24 Hour Animation GeoJSON

[Download GeoJSON]
This GeoJSON file contains a clustered version of all coverage that GDELT has monitored in the last 24 hours, collapsed by location+timestamp instead of by article.  It updates every 15 minutes and reflects all coverage seen in the preceding 24 hours on a rolling basis.  Unlike the Hourly GeoJSON files, in this file each row represents a single location in a single 15 minute interval instead of a single mention of a location in a single article.  Here, all mentions of a given location within a 15 minute interval are collapsed into a single row.  For the names and themes fields, all names and themes associated with any mention of the location in the given time interval are concatenated together, as is the case with the domains field.  For the other fields they are averages or summations of all mentions.  The name field is excluded from this file to conserve disk space.  The goal of this GeoJSON file is to enable the creation of animation map layers that show change over time, rather than supporting interactive clickable maps.  NOTE that when loaded into a database platform like CartoDB it will freqently consume between 250 and 450MB, so requires a large amount of database space.

The fields contained in the file are as follows:

  • allmentionednames: This is a semicolon-delimited concatenated list of all of the names associated with this location across all of the coverage mentioning that location during that given 15 minute interval.

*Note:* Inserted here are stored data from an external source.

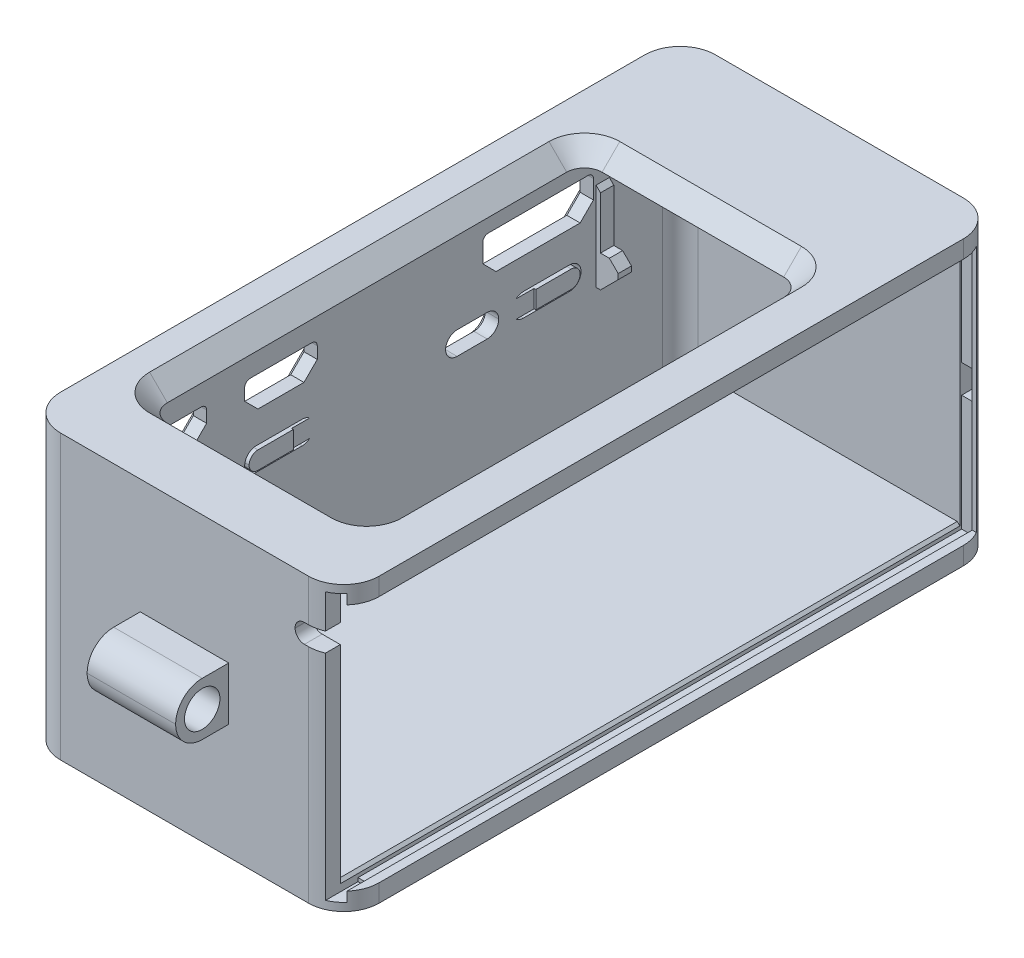
SolidWorks part; units mm, degrees
ref_plane "前视基准面" through (0, 0, 0) normal (0, 0, 1) x (1, 0, 0)
ref_plane "上视基准面" through (0, 0, 0) normal (0, 1, 0) x (1, 0, 0)
ref_plane "右视基准面" through (0, 0, 0) normal (1, 0, 0) x (0, 0, -1)
sketch "草图1" plane through (0, 0, 0) normal (1, 0, 0) x (0, 0, -1)
  line L1 (-54.0501, 29.0398) -> (19.9499, 29.0398)
  line L2 (-54.0501, 29.0398) -> (-54.0501, -2.9602)
  line L3 (-54.0501, -2.9602) -> (19.9499, -2.9602)
  line L4 (19.9499, 29.0398) -> (19.9499, -2.9602)
  dimension "D1" = 74
  dimension "D2" = 32
extrude "凸台-拉伸1" add sketch "草图1" along normal blind 36
sketch "草图2" plane through (36, 0, 0) normal (1, 0, 0) x (0, 0, -1)
  line L8 (17.9499, -0.9602) -> (17.9499, 27.0398)
  line L9 (-52.0501, -0.9602) -> (17.9499, -0.9602)
  line L10 (-52.0501, 27.0398) -> (-52.0501, -0.9602)
  line L11 (17.9499, 27.0398) -> (-52.0501, 27.0398)
  line L12 (17.9499, -0.9602) -> (17.9499, 27.0398)
  line L13 (-52.0501, -0.9602) -> (17.9499, -0.9602)
  line L14 (-52.0501, 27.0398) -> (-52.0501, -0.9602)
  line L15 (17.9499, 27.0398) -> (-52.0501, 27.0398)
  dimension "D1" = 2
extrude "切除-拉伸1" cut sketch "草图2" against normal blind 34
fillet "圆角1" radius 2 2 edges at (2, 13.0398, -17.9499) (2, 13.0398, 52.0501)
fillet "圆角2" radius 4 4 edges at (0, 13.0398, -19.9499) (0, 13.0398, 54.0501) (36, 13.0398, 54.0501) (36, 13.0398, -19.9499)
sketch "草图3" plane through (0, 29.0398, 0) normal (0, 1, 0) x (1, 0, 0)
  line L0 (32, 19.9499) -> (4, 19.9499) construction
  line L1 (29.59, 4.0599) -> (5.07, 4.0599)
  line L2 (29.59, 4.0599) -> (29.59, -45.0601)
  line L3 (29.59, -45.0601) -> (5.07, -45.0601)
  line L4 (5.07, 4.0599) -> (5.07, -45.0601)
  line L5 (36, 15.9499) -> (36, -50.0501) construction
  line L6 (32, -54.0501) -> (4, -54.0501) construction
  line L7 (0, 15.9499) -> (0, -50.0501) construction
  dimension "D1" = 15.89
  dimension "D2" = 6.41
  dimension "D3" = 8.99
  dimension "D4" = 5.07
extrude "切除-拉伸2" cut sketch "草图3" against normal blind 10
fillet "圆角3" radius 2 4 edges at (5.07, 28.0398, 45.0601) (29.59, 28.0398, 45.0601) (29.59, 28.0398, -4.0599) (5.07, 28.0398, -4.0599)
chamfer "倒角1" distance 2 angle 45 8 edges at (17.33, 29.0398, 45.0601) (29.0042, 29.0398, 44.4744) (5.6558, 29.0398, 44.4744) (29.59, 29.0398, 20.5001) (5.07, 29.0398, 20.5001) (29.0042, 29.0398, -3.4741) (5.6558, 29.0398, -3.4741) (17.33, 29.0398, -4.0599)
sketch "草图4" plane through (0, 0, 0) normal (-1, 0, 0) x (0, 0, 1)
  line L0 (-15.9499, 29.0398) -> (50.0501, 29.0398) construction
  line L1 (-8.1499, 22.4398) -> (4.3501, 22.4398)
  line L2 (-8.1499, 22.4398) -> (-8.1499, 18.2398)
  line L3 (-8.1499, 18.2398) -> (4.3501, 18.2398)
  line L4 (4.3501, 22.4398) -> (4.3501, 18.2398)
  line L5 (23.0501, 21.6812) -> (31.2501, 21.6812)
  line L6 (23.0501, 21.6812) -> (23.0501, 18.2398)
  line L7 (23.0501, 18.2398) -> (31.2501, 18.2398)
  line L8 (31.2501, 21.6812) -> (31.2501, 18.2398)
  line L9 (35.5501, 21.6398) -> (43.7501, 21.6398)
  line L10 (35.5501, 21.6398) -> (35.5501, 18.2398)
  line L11 (35.5501, 18.2398) -> (43.7501, 18.2398)
  line L12 (43.7501, 21.6398) -> (43.7501, 18.2398)
  line L13 (-6.7499, 14.7398) -> (1.0501, 14.7398)
  line L14 (-6.7499, 14.7398) -> (-6.7499, 12.1398)
  line L15 (-6.7499, 12.1398) -> (1.0501, 12.1398)
  line L16 (1.0501, 14.7398) -> (1.0501, 12.1398)
  line L17 (23.4501, 14.7398) -> (31.2501, 14.7398)
  line L18 (23.4501, 14.7398) -> (23.4501, 12.1398)
  line L19 (23.4501, 12.1398) -> (31.2501, 12.1398)
  line L20 (31.2501, 14.7398) -> (31.2501, 12.1398)
  line L21 (33.8696, 14.7398) -> (43.3696, 14.7398)
  line L22 (33.8696, 14.7398) -> (33.8696, 11.5398)
  line L23 (33.8696, 11.5398) -> (43.3696, 11.5398)
  line L24 (43.3696, 14.7398) -> (43.3696, 11.5398)
  line L25 (54.0501, 29.0398) -> (54.0501, -2.9602) construction
  line L27 (8.5501, 14.7398) -> (2.5501, 14.7398)
  line L28 (8.5501, 14.7398) -> (8.5501, 12.1398)
  line L29 (8.5501, 12.1398) -> (2.5501, 12.1398)
  line L30 (2.5501, 14.7398) -> (2.5501, 12.1398)
  dimension "D1" = 14.3
  dimension "D2" = 3.2
  dimension "D3" = 2.6
  dimension "D4" = 7.8
  dimension "D5" = 7.8
  dimension "D6" = 8.2
  dimension "D7" = 8.2
  dimension "D8" = 3.4
  dimension "D9" = 12.5
  dimension "D10" = 4.2
  dimension "D11" = 10.8
  dimension "D12" = 10.3
  dimension "D13" = 4.3
  dimension "D14" = 18.7
  dimension "D15" = 9.5
  dimension "D16" = 53
  dimension "D17" = 1.5
  dimension "D18" = 6
extrude "切除-拉伸3" cut sketch "草图4" against normal blind 10
fillet "圆角8" radius 1.3 4 edges at (1, 14.7398, 2.5501) (1, 14.7398, 8.5501) (1, 12.1398, 8.5501) (1, 12.1398, 2.5501)
sketch "草图5" plane through (2, 0, 0) normal (1, 0, 0) x (0, 0, -1)
  line L0 (-23.4501, 12.1398) -> (-23.4501, 14.7398) construction
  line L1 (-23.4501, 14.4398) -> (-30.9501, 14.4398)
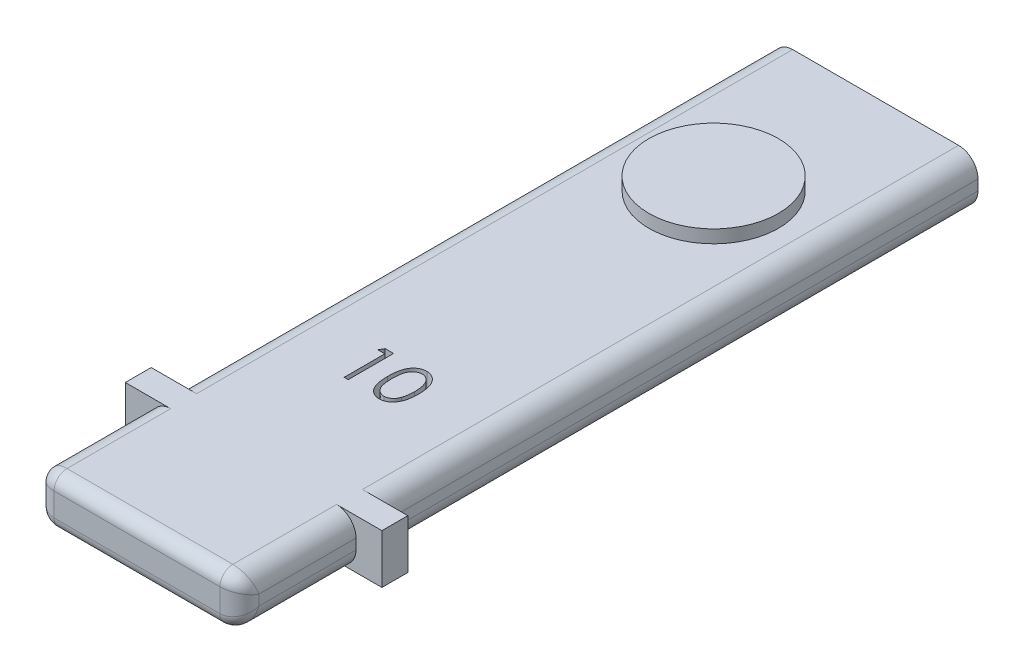
SolidWorks part; units mm, degrees
ref_plane "Front Plane" through (0, 0, 0) normal (0, 0, 1) x (1, 0, 0)
ref_plane "Top Plane" through (0, 0, 0) normal (0, 1, 0) x (1, 0, 0)
ref_plane "Right Plane" through (0, 0, 0) normal (1, 0, 0) x (0, 0, -1)
sketch "Sketch2" plane through (0, 0, 0) normal (0, 1, 0) x (1, 0, 0)
  line L1 (0, 0) -> (15.8, 0)
  line L2 (0, 0) -> (0, 57)
  line L3 (0, 57) -> (15.8, 57)
  line L4 (15.8, 0) -> (15.8, 57)
  dimension "D1" = 57
  dimension "D2" = 15.8
extrude "Boss-Extrude1" add sketch "Sketch2" along normal blind 3.8
fillet "Fillet3" radius 1 2 edges at (7.9, 0, 0) (7.9, 3.8, 0)
sketch "Sketch5" plane through (0, 3.8, 0) normal (0, 1, 0) x (1, 0, 0)
  line L0 (15.8, 57) -> (0, 57) construction
  circle A0 centre (7.9, 44.5) radius 5
  point P4 (7.9, 57)
  dimension "D1" = 10
  dimension "D2" = 12.5
extrude "Boss-Extrude4" add sketch "Sketch5" along normal blind 1
sketch "Sketch6" plane through (15.8, 0, 0) normal (1, 0, 0) x (0, 0, -1)
  line L0 (9, 3.8) -> (9, 0)
  line L1 (1, 3.8) -> (57, 3.8) construction
  line L2 (1, 0) -> (57, 0) construction
  line L3 (9, 0) -> (11, 0)
  line L4 (11, 0) -> (11, 3.8)
  line L5 (11, 3.8) -> (9, 3.8)
  line L6 (0, 2.8) -> (0, 1) construction
  dimension "D1" = 9
  dimension "D2" = 2
extrude "Boss-Extrude5" add sketch "Sketch6" along normal blind 2
sketch "Sketch7" plane through (0, 0, 0) normal (-1, 0, 0) x (0, 0, 1)
  line L0 (-57, 0) -> (-1, 0) construction
  line L1 (-9, 0) -> (-11, 0)
  line L2 (-9, 0) -> (-9, 3.8)
  line L3 (-9, 3.8) -> (-11, 3.8)
  line L4 (-11, 0) -> (-11, 3.8)
  line L5 (-57, 3.8) -> (-1, 3.8) construction
  line L6 (0, 2.8) -> (0, 1) construction
  dimension "D1" = 9
  dimension "D2" = 2
extrude "Boss-Extrude6" add sketch "Sketch7" along normal blind 2
fillet "Fillet4" radius 1.5 14 edges at (0, 0.2929, -0.2929) (0, 1.9, 0) (0, 3.5071, -0.2929) (15.8, 0.2929, -0.2929) (15.8, 1.9, 0) (15.8, 3.5071, -0.2929) (0, 0, -34) (0, 0, -5) (0, 3.8, -5) (0, 3.8, -34) (15.8, 0, -34) (15.8, 3.8, -34) (15.8, 0, -5) (15.8, 3.8, -5)
sketch "Sketch9" plane through (0, 3.8, 0) normal (0, 1, 0) x (1, 0, 0)
  text T0 "10\r\n"
extrude "Cut-Extrude1" cut sketch "Sketch9" against normal blind 5
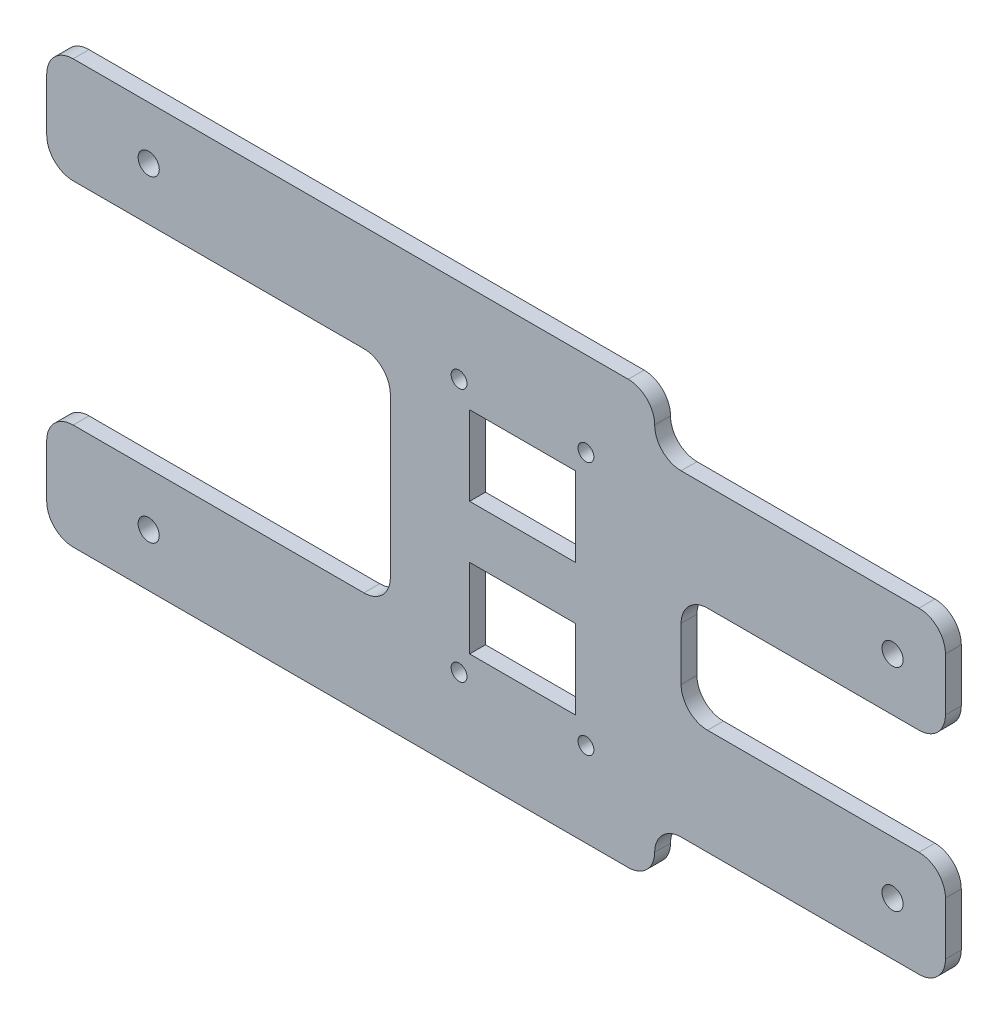
SolidWorks part; units mm, degrees
material "Caoba"
ref_plane "Alzado" through (0, 0, 0) normal (0, 0, 1) x (1, 0, 0)
ref_plane "Planta" through (0, 0, 0) normal (0, 1, 0) x (1, 0, 0)
ref_plane "Vista lateral" through (0, 0, 0) normal (1, 0, 0) x (0, 0, -1)
sketch "Croquis18" plane through (0, 0, 0) normal (0, 0, 1) x (1, 0, 0)
  line L1 (90, 0) -> (-90, 0) construction
  line L2 (0, 39) -> (0, -39) construction
  line L3 (90, -40) -> (-90, -40)
  line L4 (-10, -5) -> (10, -5)
  line L5 (-10, 20) -> (10, 20)
  line L6 (-10, 20) -> (-10, 5)
  line L7 (-10, 5) -> (10, 5)
  line L8 (10, 20) -> (10, 5)
  line L9 (10, -20) -> (10, -5)
  line L10 (-10, -20) -> (10, -20)
  line L11 (-10, -20) -> (-10, -5)
  line L12 (90, -40) -> (90, 40)
  line L13 (90, 40) -> (-90, 40)
  line L14 (-90, -40) -> (-90, 40)
  line L19 (-90, 20) -> (-25, 20)
  line L20 (-90, 20) -> (-90, -20)
  line L21 (-90, -20) -> (-25, -20)
  line L22 (-25, 20) -> (-25, -20)
  line L23 (90, 40) -> (25, 40)
  line L24 (90, 40) -> (90, 30)
  line L25 (90, 30) -> (25, 30)
  line L26 (25, 40) -> (25, 30)
  line L27 (90, -40) -> (25, -40)
  line L28 (90, -40) -> (90, -30)
  line L29 (90, -30) -> (25, -30)
  line L30 (25, -40) -> (25, -30)
  line L31 (90, 30) -> (80, 30)
  line L32 (90, 30) -> (90, -30)
  line L33 (90, -30) -> (80, -30)
  line L34 (80, 30) -> (80, -30)
  line L35 (80, 10) -> (30, 10)
  line L36 (80, 10) -> (80, -10)
  line L37 (80, -10) -> (30, -10)
  line L38 (30, 10) -> (30, -10)
  circle A0 centre (-12, 24) radius 1.5
  circle A1 centre (12, 24) radius 1.5
  circle A2 centre (-12, -24) radius 1.5
  circle A3 centre (12, -24) radius 1.5
  circle A4 centre (70, 20) radius 2
  circle A5 centre (70, -20) radius 2
  circle A6 centre (-70.71, -30) radius 2
  circle A7 centre (-70.71, 30) radius 2
  dimension "D1" = 48
  dimension "D2" = 24
  dimension "D3" = 48
  dimension "D4" = 24
  dimension "D5" = 3
  dimension "D6" = 3
  dimension "D7" = 3
  dimension "D8" = 3
  dimension "D9" = 180
  dimension "D10" = 12
  dimension "D11" = 12
  dimension "D12" = 0
  dimension "D18" = 24
  dimension "D19" = 24
  dimension "D33" = 40
  dimension "D34" = 4
  dimension "D35" = 4
  dimension "D36" = 4
  dimension "D37" = 60
  dimension "D38" = 4
  dimension "D39" = 10
  dimension "D40" = 19.29
  dimension "D41" = 19.29
  dimension "D42" = 20
  dimension "D43" = 10
  dimension "D44" = 10
  dimension "D45" = 10
  dimension "D46" = 10
  dimension "D13" = 15
  dimension "D14" = 20
  dimension "D15" = 10
  dimension "D16" = 0
  dimension "D17" = 5
  dimension "D20" = 90
  dimension "D21" = 39
  dimension "D22" = 78
  dimension "D23" = 80
  dimension "D24" = 40
  dimension "D25" = 10
  dimension "D26" = 65
  dimension "D27" = 40
  dimension "D28" = 10
  dimension "D29" = 65
  dimension "D30" = 20
  dimension "D31" = 65
  dimension "D32" = 10
  dimension "D47" = 50
extrude "Saliente-Extruir1" add sketch "Croquis18" along normal blind 3 contours L19 L22 L21 L14 L3 L12 L26 L13 A3 A2 A1 A0 L5 L8 L7 L6 L10 L11 L4 L9 region at (-3.7989, 0, 0)
fillet "Redondeo1" radius 5 16 edges at (25, -40, 1.5) (25, -30, 1.5) (25, 40, 1.5) (25, 30, 1.5) (-25, -20, 1.5) (-25, 20, 1.5) (-90, -40, 1.5) (-90, -20, 1.5) (-90, 20, 1.5) (-90, 40, 1.5) (80, 30, 1.5) (80, -30, 1.5) (30, -10, 1.5) (30, 10, 1.5) (80, -10, 1.5) (80, 10, 1.5)

To conserve disk space, if a name is mentioned multiple times in an article it will only be listed here once.
  • allmentionedthemes: This is a semicolon-delimited concatenated list of all of the themes associated with this location across all of the coverage mentioning that location during that given 15 minute interval. To conserve disk space, if a theme is mentioned multiple times in an article it will only be listed here once.
  • allurldomains: This is a semicolon-delimited concatenated list of all of the domains from which articles were monitored mentioning this location during that given 15 minute interval. To conserve disk space, if multiple articles were found from the same outlet, the domain will still only be listed here once.
  • avgurltone: This is the average tone of all coverage mentioning this location during that given 15 minute interval.
  • sumtotalmentions: This is the total number of monitored articles mentioning this location during that given 15 minute interval.
  • sumtotalwords: This is the sum total number of words of all monitored articles mentioning this location during that given 15 minute interval.